The pre-teen blockbuster Thirteen Going on 30 was released in 2004. Like the film’s protagonist, I too had just turned thirteen years old. If you have had the great fortune of seeing the movie, bear with me. If you have not, here’s your rundown: 13-year-old Jenna dreamed of being popular but struggled to make those dreams a reality. After suffering total humiliation at the hands of the “popular girls” at her birthday party, Jenna makes a wish to be “thirty, flirty & thriving.” The next morning, she magically wakes up in a swanky Manhattan apartment as her 30-year-old self, which includes a thriving career as a fashion magazine editor, while possessing the knowledge and mindset she had as a 13-year-old.
Aspirations
Like Jenna, I had big aspirations at age 13. Those lofty goals were eventually narrowed to a career in law. Frankly, I am not sure whether I came up with this idea myself, or if my parents suggested it after I insisted on diagraming the fallacies as to why I could not stay out past 10 o’clock. I vividly remember walking away from the movie theater with my friends, telling them how I could not wait to have a corner office and a driver to chauffeur me to a big city courthouse to fight for liberty and justice for all, a notion that forms the basis of the American identity.

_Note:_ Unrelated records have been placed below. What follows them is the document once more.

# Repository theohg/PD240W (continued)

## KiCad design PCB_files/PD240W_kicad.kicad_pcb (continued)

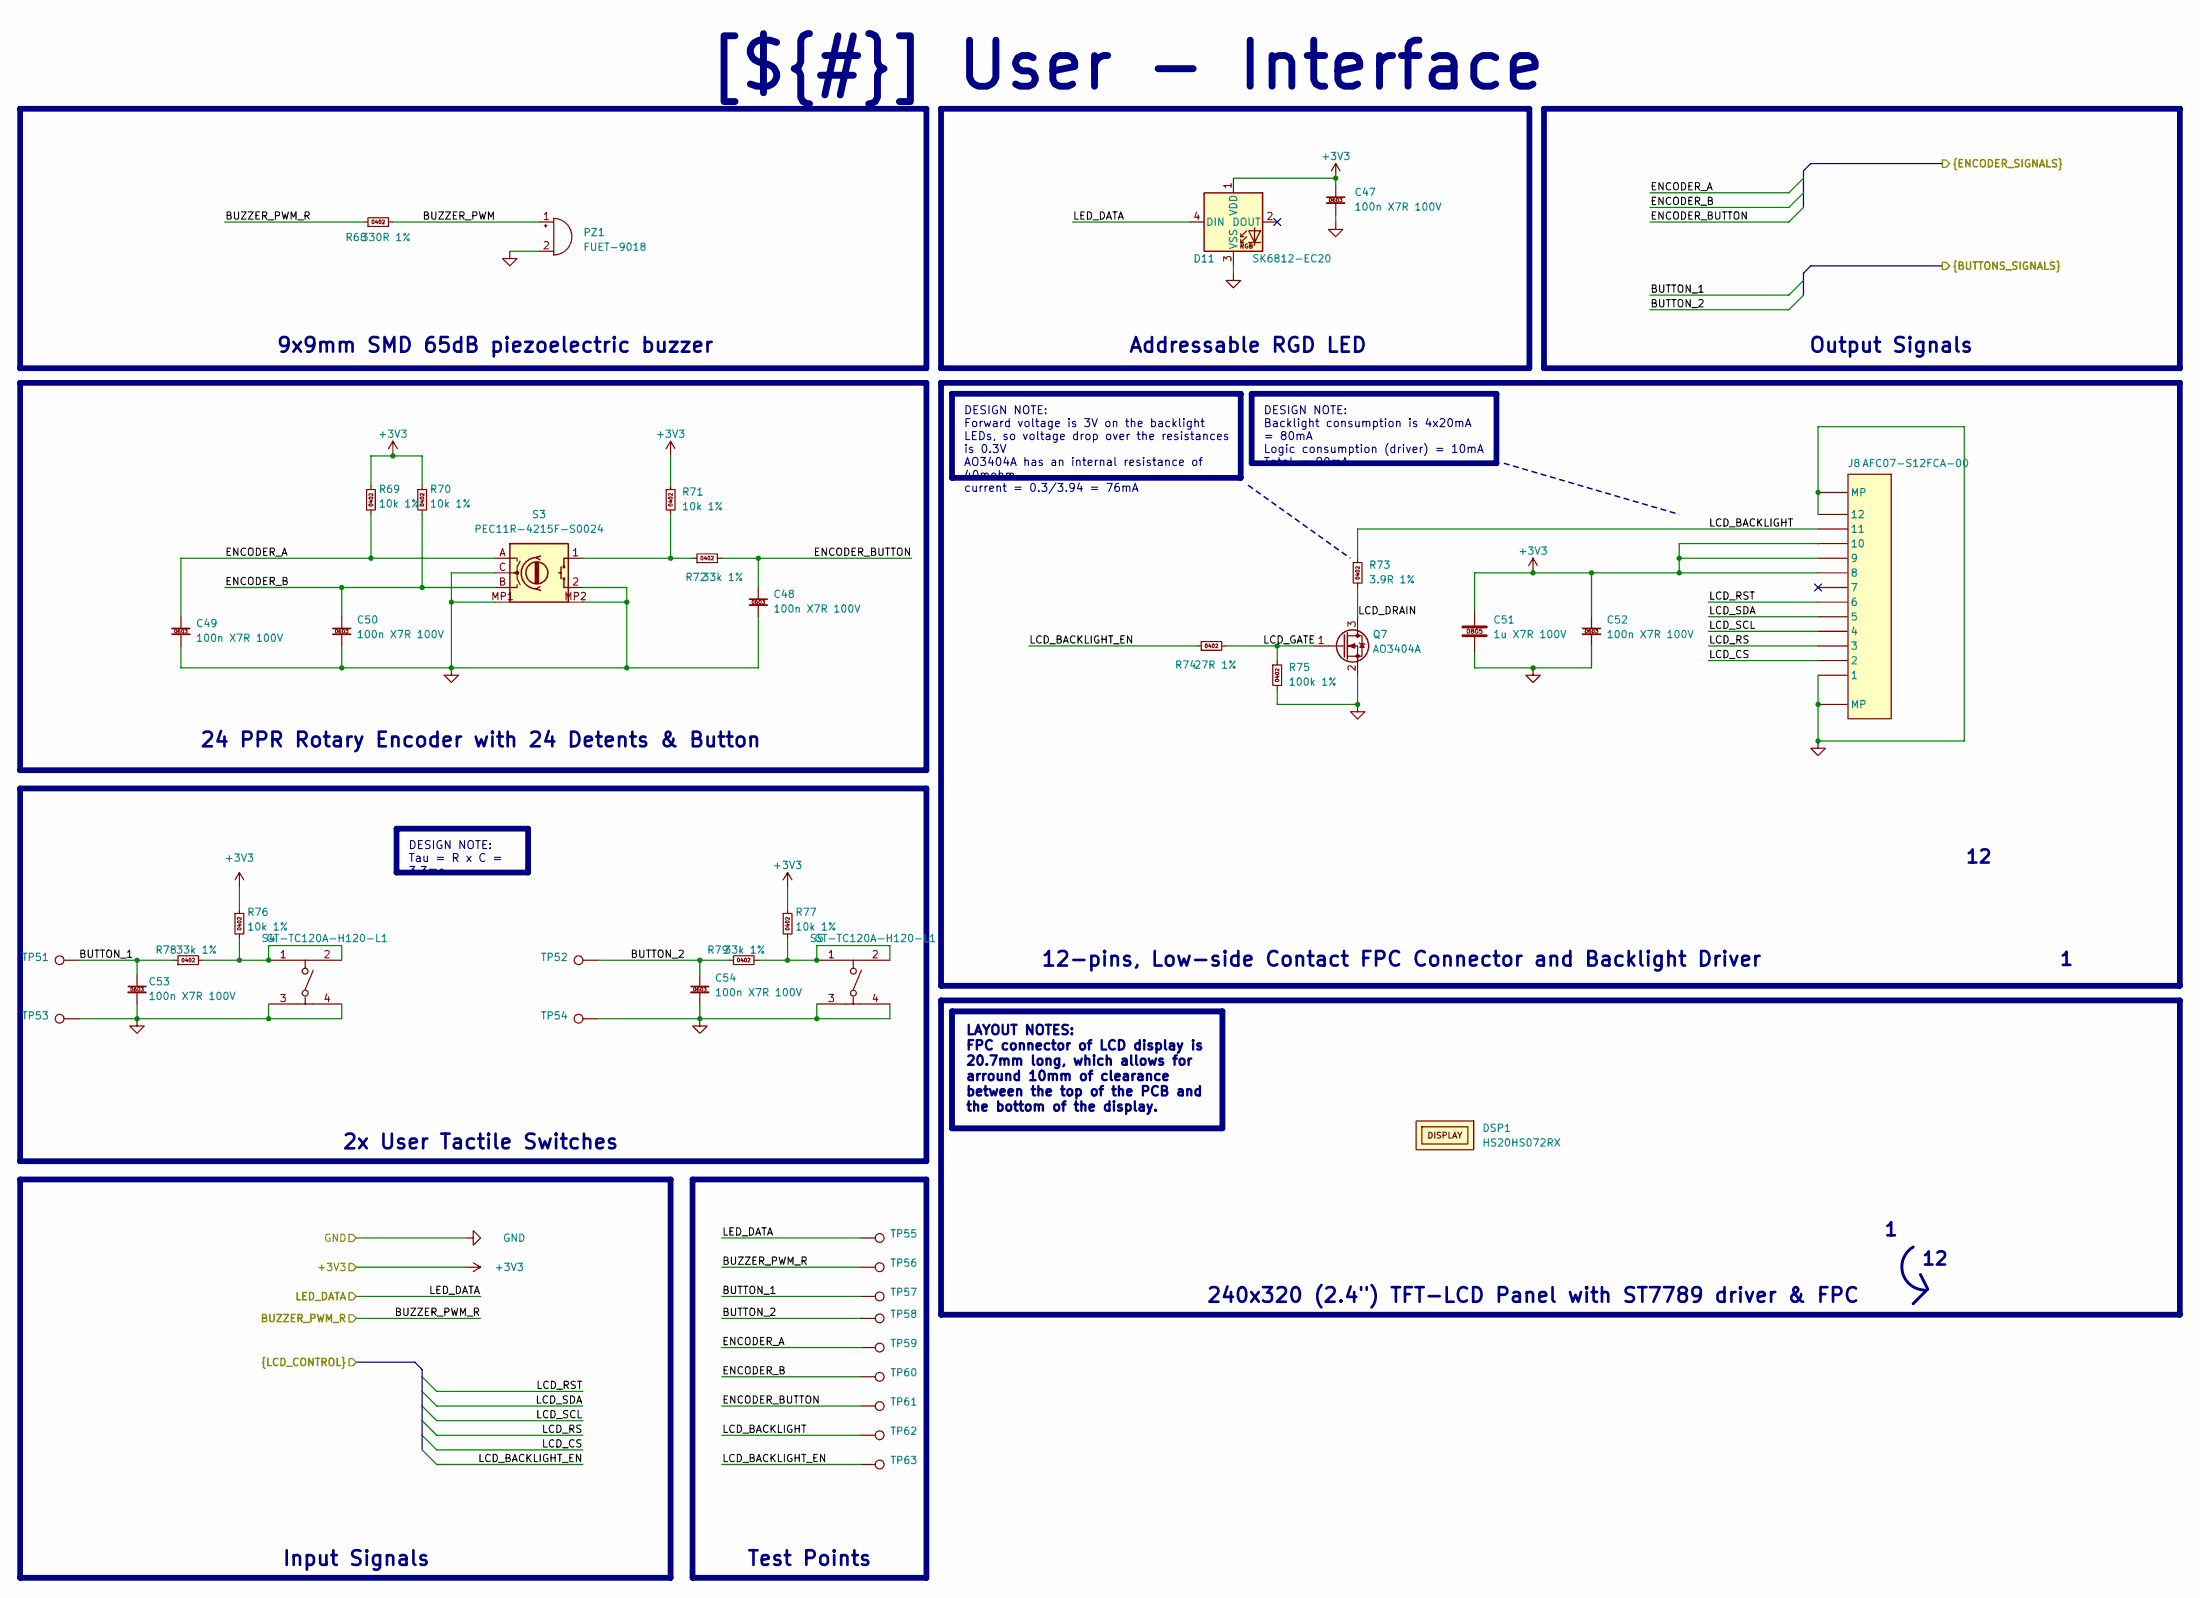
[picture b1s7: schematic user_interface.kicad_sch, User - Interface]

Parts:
C47, C48, C49, C50, C52, C53, C54: 100n X7R 100V; capc_1608_09_l; Manufacturer Part Number CL10B104KC8NNNC; LCSC C15725
C51: 1u X7R 100V; capc_2012_14_n; Manufacturer Part Number CC0805KKX7R0BB105; LCSC C5370002
D11: SK6812-EC20; Manufacturer Part Number SK6812-EC20; LCSC C2909058
DSP1: HS20HS072RX; generic_display_518x362x2_10mm_standoff; Manufacturer Part Number HS20HS072RX; LCSC C5329582
J8: AFC07-S12FCA-00; Manufacturer Part Number AFC07-S12FCA-00; LCSC C262559
PZ1: FUET-9018; buzzer_9x9x2.1mm; Manufacturer Part Number FUET-9018; LCSC C391035
Q7: AO3404A; sot-23-3L_103p_300x130x110_n; Manufacturer Part Number AO3404A; LCSC C30010
R68: 330R 1%; resc_1005_04_m; Manufacturer Part Number 0402WGF3300TCE; LCSC C25104
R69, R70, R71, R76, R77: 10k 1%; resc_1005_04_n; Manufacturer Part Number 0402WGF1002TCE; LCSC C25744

One decade later, I would accept a job in the mortgage industry. Do you know what the 13-year-old me would say about that? I do. I would have asked, “what’s a mortgage?” But would she be disappointed that I was not the next Elle Woods, the protagonist in another outstanding movie that spurred my legal ambitions? Would she be disappointed to know that the likelihood of ever seeing the inside of a courtroom as an attorney in the mortgage industry is virtually zero?
When I accepted this position, none of that mattered. As a soon-to-be law school graduate in a tough legal market, I was thrilled to have a job offer. I did not know much about mortgage lending. I can definitively say I did not see a “mortgage lending” elective. It certainly wasn’t tested on the bar exam.